DOUGLAS PORTER, BMO CHIEF ECONOMIST
• Sticking with prior call of two more hikes in 2018, ending the year at 1.75 per cent, but next hike not until July
While the move was no big surprise (markets had assumed a greater-than-80% chance of a rate hike), the initial read on the commentary leaned a tad dovish, with the Bank re-stating that they would be “cautious” in future rate moves, putting the NAFTA risk front and centre, and suggesting that “some continued monetary policy accommodation will likely be needed”. Having said that, the dovish remarks did not run the table, as they nudged up their growth forecasts for the next two years, and actually sounded a bit positive on non-auto exports …By making NAFTA risks so prominent in this Statement, rate hike odds will now ebb and flow with the negotiations, even moreso than earlier. One new possibility is that the talks could be put on ice for a spell until after the mid-year Mexican election; if that’s how it indeed plays out, then the Bank could get on with its business sooner.Bottom Line: Combined with lingering uncertainties around NAFTA and the housing market, we suspect the Bank will take a bit more time before hiking again. Barring another run of roaring data, we look for the Bank to hold off until possibly July before hiking again (depending, of course, on the fate of the NAFTA talks). But, big picture view, we remain entirely comfortable with our prior call that the Bank will hike two more times in 2018, ending the year at 1.75%.

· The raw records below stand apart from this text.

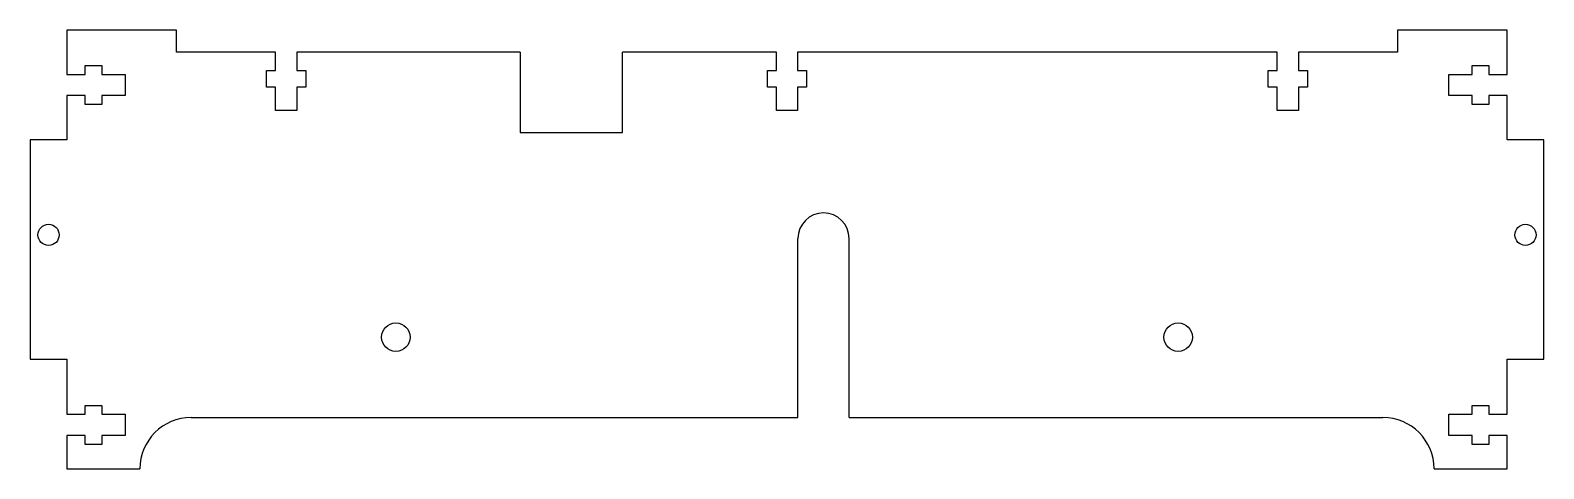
# Model space of a CAD drawing. Header units: millimetres. Extents: x 85 to 292, y 113 to 173.
import ezdxf

# ---------------------------------------------------------------- set-up
doc = ezdxf.new("R2010")
doc.units = ezdxf.units.MM

msp = doc.modelspace()

# ---------------------------------------------------------------- linework, layer by layer
at = {"color": 7, "linetype": 'Continuous', "lineweight": 25}
for p, q in [((89.66, 172.73), (89.66, 166.68)), ((104.66, 172.73), (89.66, 172.73)), ((104.66, 169.73), (104.66, 172.73)), ((271.66, 172.73), (271.66, 169.73)), ((286.66, 172.73), (271.66, 172.73)), ((286.66, 166.68), (286.66, 172.73)), ((92.16, 167.9), (94.46, 167.9)), ((92.16, 166.68), (92.16, 167.9)), ((94.46, 167.9), (94.46, 166.68)), ((118.21, 169.73), (104.66, 169.73)), ((118.21, 167.23), (118.21, 169.73)), ((121.11, 169.73), (121.11, 167.23)), ((151.66, 169.73), (121.11, 169.73)), ((151.66, 169.73), (151.66, 158.73)), ((165.66, 158.73), (165.66, 169.73)), ((186.71, 169.73), (165.66, 169.73)), ((186.71, 167.23), (186.71, 169.73)), ((189.61, 169.73), (189.61, 167.23)), ((255.21, 169.73), (189.61, 169.73)), ((255.21, 167.23), (255.21, 169.73)), ((258.11, 169.73), (258.11, 167.23)), ((271.66, 169.73), (258.11, 169.73)), ((281.86, 167.9), (284.16, 167.9)), ((281.86, 166.68), (281.86, 167.9)), ((284.16, 167.9), (284.16, 166.68)), ((89.66, 166.68), (92.16, 166.68)), ((94.46, 166.68), (97.66, 166.68)), ((97.66, 166.68), (97.66, 163.78)), ((116.98, 167.23), (118.21, 167.23)), ((116.98, 164.93), (116.98, 167.23)), ((121.11, 167.23), (122.33, 167.23)), ((122.33, 167.23), (122.33, 164.93)), ((185.48, 167.23), (186.71, 167.23)), ((185.48, 164.93), (185.48, 167.23)), ((189.61, 167.23), (190.83, 167.23)), ((190.83, 167.23), (190.83, 164.93)), ((253.98, 167.23), (255.21, 167.23)), ((253.98, 164.93), (253.98, 167.23)), ((258.11, 167.23), (259.33, 167.23)), ((259.33, 167.23), (259.33, 164.93)), ((278.66, 166.68), (281.86, 166.68)), ((278.66, 163.78), (278.66, 166.68)), ((284.16, 166.68), (286.66, 166.68)), ((89.66, 163.78), (89.66, 157.73)), ((92.16, 163.78), (89.66, 163.78)), ((92.16, 162.55), (92.16, 163.78)), ((94.46, 163.78), (94.46, 162.55)), ((97.66, 163.78), (94.46, 163.78)), ((118.21, 164.93), (116.98, 164.93)), ((118.21, 161.73), (118.21, 164.93)), ((121.11, 164.93), (121.11, 161.73)), ((122.33, 164.93), (121.11, 164.93)), ((186.71, 164.93), (185.48, 164.93)), ((186.71, 161.73), (186.71, 164.93)), ((189.61, 164.93), (189.61, 161.73)), ((190.83, 164.93), (189.61, 164.93)), ((255.21, 164.93), (253.98, 164.93)), ((255.21, 161.73), (255.21, 164.93)), ((258.11, 164.93), (258.11, 161.73)), ((259.33, 164.93), (258.11, 164.93)), ((281.86, 163.78), (278.66, 163.78)), ((281.86, 162.55), (281.86, 163.78)), ((284.16, 163.78), (284.16, 162.55)), ((286.66, 163.78), (284.16, 163.78)), ((286.66, 157.73), (286.66, 163.78)), ((94.46, 162.55), (92.16, 162.55)), ((121.11, 161.73), (118.21, 161.73)), ((189.61, 161.73), (186.71, 161.73)), ((258.11, 161.73), (255.21, 161.73)), ((284.16, 162.55), (281.86, 162.55)), ((84.66, 157.73), (84.66, 127.73)), ((89.66, 157.73), (84.66, 157.73)), ((151.66, 158.73), (165.66, 158.73)), ((291.66, 157.73), (286.66, 157.73)), ((291.66, 127.73), (291.66, 157.73)), ((189.66, 119.73), (189.66, 144.23)), ((196.66, 119.73), (196.66, 144.23)), ((84.66, 127.73), (89.66, 127.73)), ((89.66, 127.73), (89.66, 120.18)), ((286.66, 127.73), (291.66, 127.73)), ((286.66, 120.18), (286.66, 127.73)), ((89.66, 120.18), (92.16, 120.18)), ((92.16, 121.4), (94.46, 121.4)), ((92.16, 120.18), (92.16, 121.4)), ((94.46, 121.4), (94.46, 120.18)), ((94.46, 120.18), (97.66, 120.18)), ((97.66, 120.18), (97.66, 117.28)), ((278.66, 120.18), (281.86, 120.18)), ((278.66, 117.28), (278.66, 120.18)), ((281.86, 121.4), (284.16, 121.4)), ((281.86, 120.18), (281.86, 121.4)), ((284.16, 121.4), (284.16, 120.18)), ((284.16, 120.18), (286.66, 120.18)), ((106.66, 119.73), (189.66, 119.73)), ((196.66, 119.73), (269.66, 119.73)), ((89.66, 117.28), (89.66, 112.73)), ((92.16, 117.28), (89.66, 117.28)), ((92.16, 116.05), (92.16, 117.28)), ((94.46, 116.05), (92.16, 116.05)), ((94.46, 117.28), (94.46, 116.05)), ((97.66, 117.28), (94.46, 117.28)), ((281.86, 117.28), (278.66, 117.28)), ((281.86, 116.05), (281.86, 117.28)), ((284.16, 116.05), (281.86, 116.05)), ((284.16, 117.28), (284.16, 116.05)), ((286.66, 117.28), (284.16, 117.28)), ((286.66, 112.73), (286.66, 117.28)), ((89.66, 112.73), (99.66, 112.73)), ((276.66, 112.73), (286.66, 112.73))]:
    msp.add_line(p, q, dxfattribs=at)
for centre, radius in [((87.16, 144.73), 1.45), ((289.16, 144.73), 1.45), ((134.66, 130.73), 1.95), ((241.66, 130.73), 1.95)]:
    msp.add_circle(centre, radius, dxfattribs=at)
for centre, radius, start, end in [((193.16, 144.23), 3.5, 0, 180), ((106.66, 112.73), 7, 90, 180), ((269.66, 112.73), 7, 0, 90)]:
    msp.add_arc(centre, radius, start, end, dxfattribs=at)

doc.saveas('drawing.dxf')

DAVID MADANI, SENIOR CANADIAN ECONOMIST, CAPITAL ECONOMICS
• Hike in spring, probably April, followed by a rate cut before year-end
The Bank of Canada’s … more upbeat economic outlook suggests that it will hike rates again later this year, probably in April. In contrast to the consensus, we wouldn’t bet too heavily on further rates hikes beyond the spring, however. The economy is still heavily dependent on housing and debt which, we still firmly believe, will eventually upend the economy and prompt a reversal in monetary policy before year-end.
BRIAN DEPRATTO, TD ECONOMICS SENIOR ECONOMIST
• Gradual pace of tightening is most likely, with the next hike penciled in for July
Emergency level rates may not be needed, but that doesn’t mean that the Bank is in a rush to continue hiking. NAFTA uncertainty hangs over the outlook, with the Bank explicitly downgrading the outlook for business investment and trade to account for the impact of negotiations. What’s more, despite the positive run of labour market data, wage growth remains weaker than the Bank had expected. Most explicit was the statement that while the outlook will likely “warrant higher interest rates over time, some continued monetary policy accommodation will likely be needed”. As such, it remains our base-case view that a gradual pace of tightening is most likely, with the next hike penciled in for July. Data dependency of course means that this is not a lock. Developments in Poloz’s list of areas to watch, including interest rate sensitivity, labour market developments, and inflation dynamics could easily bring the next hike forward, or push it back.